TTB Merkez Kurulu ile TTB Eğitim Kolu’nun artan tıp fakültesi kontenjanlarıyla ilgili hazırladığı rapor ile teklifler kamuoyu ile paylaşıldı. Sıhhat Bakanlığı’nın kendi insan gücü planlama raporunda 2017’den itibaren toplam tıp fakültesi kontenjanının yıllık 5 bin 250’ye düşürülmesi gerektiğinin hatırlatıldığı raporda, “2023 yılına gelindiğinde öngörülen sayının neredeyse 4 katı kontenjan artırıldığı görülmektedir. Tıp fakültelerindeki toplam öğrenci sayısının 2022 yılı prestijiyle 112 bin 58 olduğu düşünülürse nitelikli tabip yetiştirme imkanlarından uzak olunduğunu söylemek mümkündür” denildi.
“ÜLKEMİZ İSMİNE ÇOK ÖNEMLİ KAYIP OLACAK”
Türkiye’nin 91’i devlet, 37’si vakıf olmak üzere 128 tıp fakültesi ile Avrupa’da en çok tıp fakültesi olan ülke olduğuna dikkat çekilen raporda şöyle denildi:
“Giderlerse gitsinler, anlayışı ile her geçen ay artan doktor göçünün kontenjan artışları ile telafi edileceği düşünülüyor üzere görünmektedir. Ancak tam zıddı bir tablonun oluşacağı ve eğitim niteliğinin düşmesinin daha fazla tabibin yurt dışına gitmesine yol açacağı görünmektedir. Yurt dışına beyin göçü bu formda devam edecek ve bu durum ülkemiz ismine gelecek açısından çok önemli bir kayıp olacaktır.”
“AZALMASI GEREKİRKEN ARTIRILMASINA SON VERİLMELİ”
Türkiye’deki tıp fakültesi sayısı ve kontenjanların fazlalığı ile nitelikli tıp eğitiminin giderek kötüleştiğinin belirtildiği raporun sonunda şu teklifler lisana getirildi:
*Tıp fakültelerinin kontenjanlarının her geçen yıl azalması gerekirken arttırılmasına son verilmelidir.
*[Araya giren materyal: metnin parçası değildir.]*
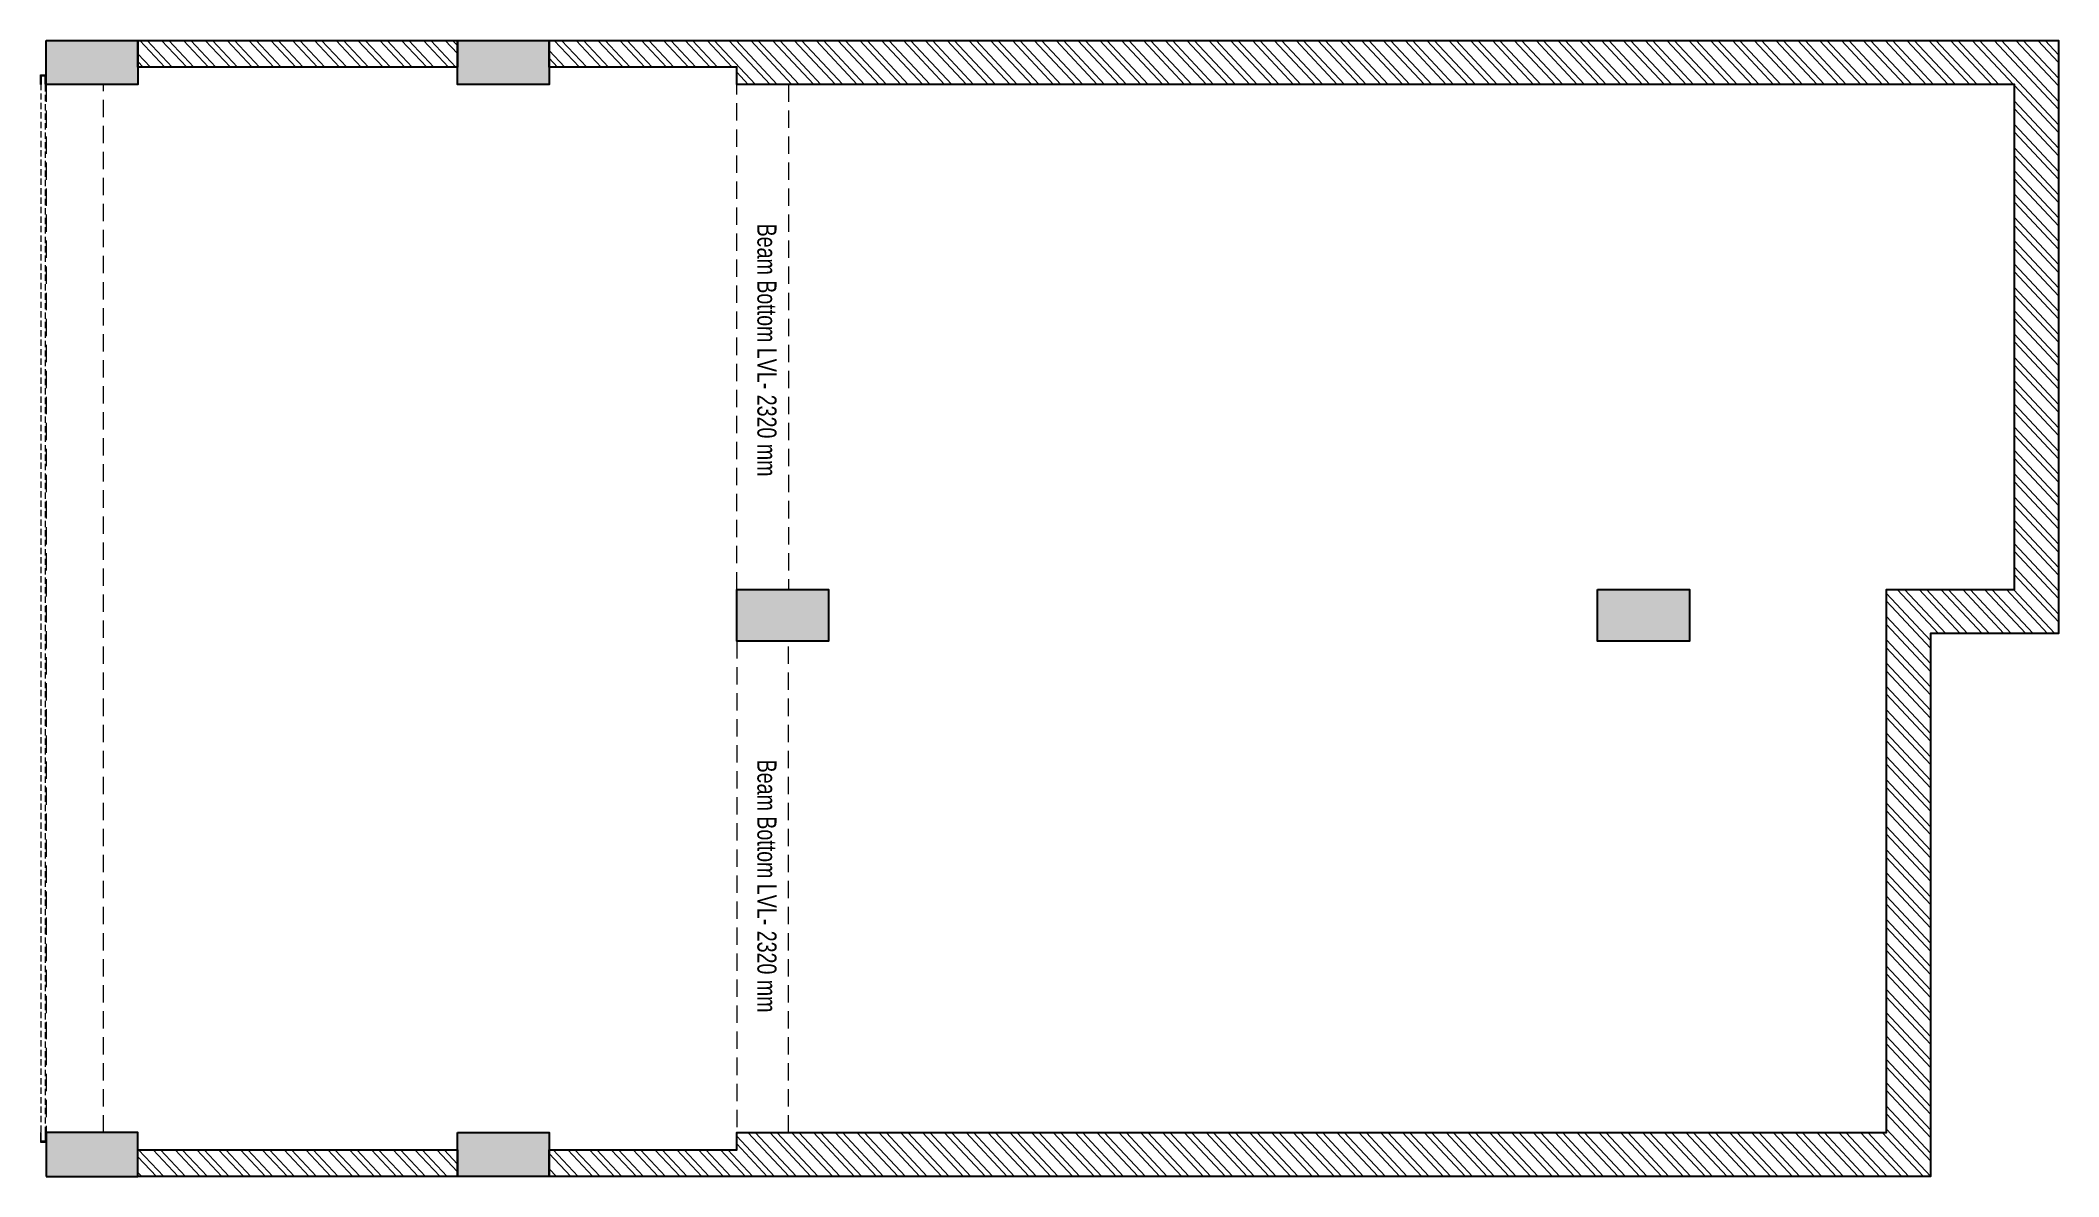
# Model space of a CAD drawing. Header units: feet. Extents: x -9880 to 670, y 0 to 5940.
import ezdxf

# ---------------------------------------------------------------- set-up
doc = ezdxf.new("R2010")
doc.units = ezdxf.units.FT
doc.header["$LTSCALE"] = 33
doc.header["$MEASUREMENT"] = 0
doc.linetypes.add('a_p6_plan_L18$0$HIDDEN', pattern=[0.375, 0.25, -0.125])
doc.linetypes.add('HIDDENX2', pattern=[0.75, 0.5, -0.25])
for name, color, linetype, lineweight in [('A-shutter', 8, 'Continuous', 18), ('beam', 90, 'Continuous', 9), ('LN-HATCH', 251, 'Continuous', 0), ('rolling shutter', 1, 'Continuous', 5)]:
    doc.layers.add(name, color=color, linetype=linetype, lineweight=lineweight)
doc.layers.add('A-WALL', color=1, linetype='Continuous')
doc.layers.add('column', color=10, linetype='Continuous')
doc.styles.get("Standard").update_dxf_attribs({"font": 'GILC____.TTF'})

# ---------------------------------------------------------------- blocks, each defined once
blk = doc.blocks.new('*U3')
at = {"layer": 'A-shutter', "color": 5, "ltscale": 10}
for points in [[(41039715, -1561539), (41039715, -1561544), (41039670, -1561544), (41039670, -1561564), (41039715, -1561564), (41039715, -1561569), (41039665, -1561569), (41039665, -1561539)], [(41045195, -1561539), (41045195, -1561544), (41045240, -1561544), (41045240, -1561564), (41045195, -1561564), (41045195, -1561569), (41045245, -1561569), (41045245, -1561539)]]:
    blk.add_lwpolyline(points, close=True, dxfattribs=at)
at = {"layer": 'A-shutter', "color": 5, "linetype": 'HIDDENX2', "ltscale": 2}
blk.add_lwpolyline([(41039670, -1561544), (41039670, -1561564), (41045240, -1561564), (41045240, -1561544)], close=True, dxfattribs=at)

msp = doc.modelspace()

# ---------------------------------------------------------------- hatches: boundary and pattern name
at = {"layer": 'column'}
h = msp.add_hatch(color=8, dxfattribs=at)
h.dxf.hatch_style = 1
h.paths.add_polyline_path([(-9370, 5710), (-9370, 5940), (-9850, 5940), (-9850, 5710)])
h.paths.add_polyline_path([(-9370, 0), (-9370, 230), (-9850, 230), (-9850, 0)])
h.paths.add_polyline_path([(-7220, 0), (-7220, 230), (-7700, 230), (-7700, 0)])
h.paths.add_polyline_path([(-7220, 5710), (-7220, 5940), (-7700, 5940), (-7700, 5710)])
h = msp.add_hatch(color=8, dxfattribs=at)
h.dxf.hatch_style = 1
h.paths.add_polyline_path([(-1260, 2800), (-1260, 3070), (-1740, 3070), (-1740, 2800)])
h.paths.add_polyline_path([(-5760, 2800), (-5760, 3070), (-6240, 3070), (-6240, 2800)])
at = {"layer": 'LN-HATCH'}
h = msp.add_hatch(dxfattribs=at)
h.set_pattern_fill('ANSI32', color=256, scale=222, angle=88.11)
h.set_pattern_definition([(133.11, (-3472457.38, 5461264.69), (-60.7760807, -56.89315), []), (133.11, (-3472456.08, 5461303.91), (-60.7760807, -56.89315), [])])
h.paths.add_polyline_path([(-7220, 5940), (670, 5940), (670, 2840), (0, 2840), (0, 0), (-7220, 0), (-7220, 140), (-6240, 140), (-6240, 230), (-230, 230), (-230, 3070), (440, 3070), (440, 5710), (-6240, 5710), (-6240, 5800), (-7220, 5800)])
h.paths.add_polyline_path([(-9370, 5940), (-7700, 5940), (-7700, 5800), (-9370, 5800)])
h.paths.add_polyline_path([(-9370, 140), (-7700, 140), (-7700, 0), (-9370, 0)])

# ---------------------------------------------------------------- linework, layer by layer
at = {"layer": 'A-WALL'}
for points in [[(-9370, 5940), (-7700, 5940), (-7700, 5800), (-9370, 5800)], [(-7220, 5940), (670, 5940), (670, 2840), (0, 2840), (0, 0), (-7220, 0), (-7220, 140), (-6240, 140), (-6240, 230), (-230, 230), (-230, 3070), (440, 3070), (440, 5710), (-6240, 5710), (-6240, 5800), (-7220, 5800)], [(-9370, 140), (-7700, 140), (-7700, 0), (-9370, 0)]]:
    msp.add_lwpolyline(points, close=True, dxfattribs=at)
at = {"layer": 'beam', "linetype": 'a_p6_plan_L18$0$HIDDEN', "lineweight": 5, "ltscale": 11}
for points in [[(-9850, 230), (-9550, 230), (-9550, 5710), (-9850, 5710)], [(-5970, 3070), (-6240, 3070), (-6240, 5710), (-5970, 5710)], [(-5970, 2800), (-6240, 2800), (-6240, 230), (-5970, 230)]]:
    msp.add_lwpolyline(points, close=True, dxfattribs=at)
at = {"layer": 'column'}
for points in [[(-9850, 5940), (-9370, 5940), (-9370, 5710), (-9850, 5710)], [(-7700, 5940), (-7220, 5940), (-7220, 5710), (-7700, 5710)], [(-6240, 3070), (-5760, 3070), (-5760, 2800), (-6240, 2800)], [(-1740, 3070), (-1260, 3070), (-1260, 2800), (-1740, 2800)], [(-9850, 0), (-9370, 0), (-9370, 230), (-9850, 230)], [(-7700, 230), (-7220, 230), (-7220, 0), (-7700, 0)]]:
    msp.add_lwpolyline(points, close=True, dxfattribs=at)

# ---------------------------------------------------------------- block references
at = {"layer": 'rolling shutter', "color": 2, "xscale": -1, "rotation": 270}
msp.add_blockref('*U3', (1551689, -41039485), dxfattribs=at)

# ---------------------------------------------------------------- texts
at = {"layer": 'beam', "linetype": 'a_p6_plan_L18$0$HIDDEN', "lineweight": 5, "ltscale": 11, "char_height": 100, "attachment_point": 1, "rotation": 270}
for insert in [(-6032, 4982), (-6032, 2180)]:
    msp.add_mtext_dynamic_manual_height_columns('Beam Bottom LVL- 2320 mm', width=1285.01, gutter_width=364, heights=[0], dxfattribs=dict(at, insert=insert))

doc.saveas('drawing.dxf')

Bu durum nitelikli eğitimin önündeki en büyük mani olarak durmaktadır.
*Gecekondu tıp fakültesi açılmasına son verilmelidir. Yeni açılan tıp fakülteleri birleştirilerek hem fiziki şartlar hem de insan gücü birleştirilerek daha nitelikli duruma dönüştürülmelidir.
*Devlet tıp fakültelerine ekonomik takviyeyle birlikte araştırmanın ve eğitimin niteliği artırılmalıdır. Devlet ve vakıf ismi altında özel tıp fakülteleri ortasındaki her türlü ayrıma son verilmelidir. Eğitim fiyatsız, ulaşılabilir, eşit ve adil olmalıdır.
*İletişim hünerlerinden toplumcu ve bütüncül yaklaşıma, sıhhatin tüm belirleyicilerini de gözeten ve etik bedellerin kazandırıldığı nitelikli bir tıp eğitimi olmalıdır.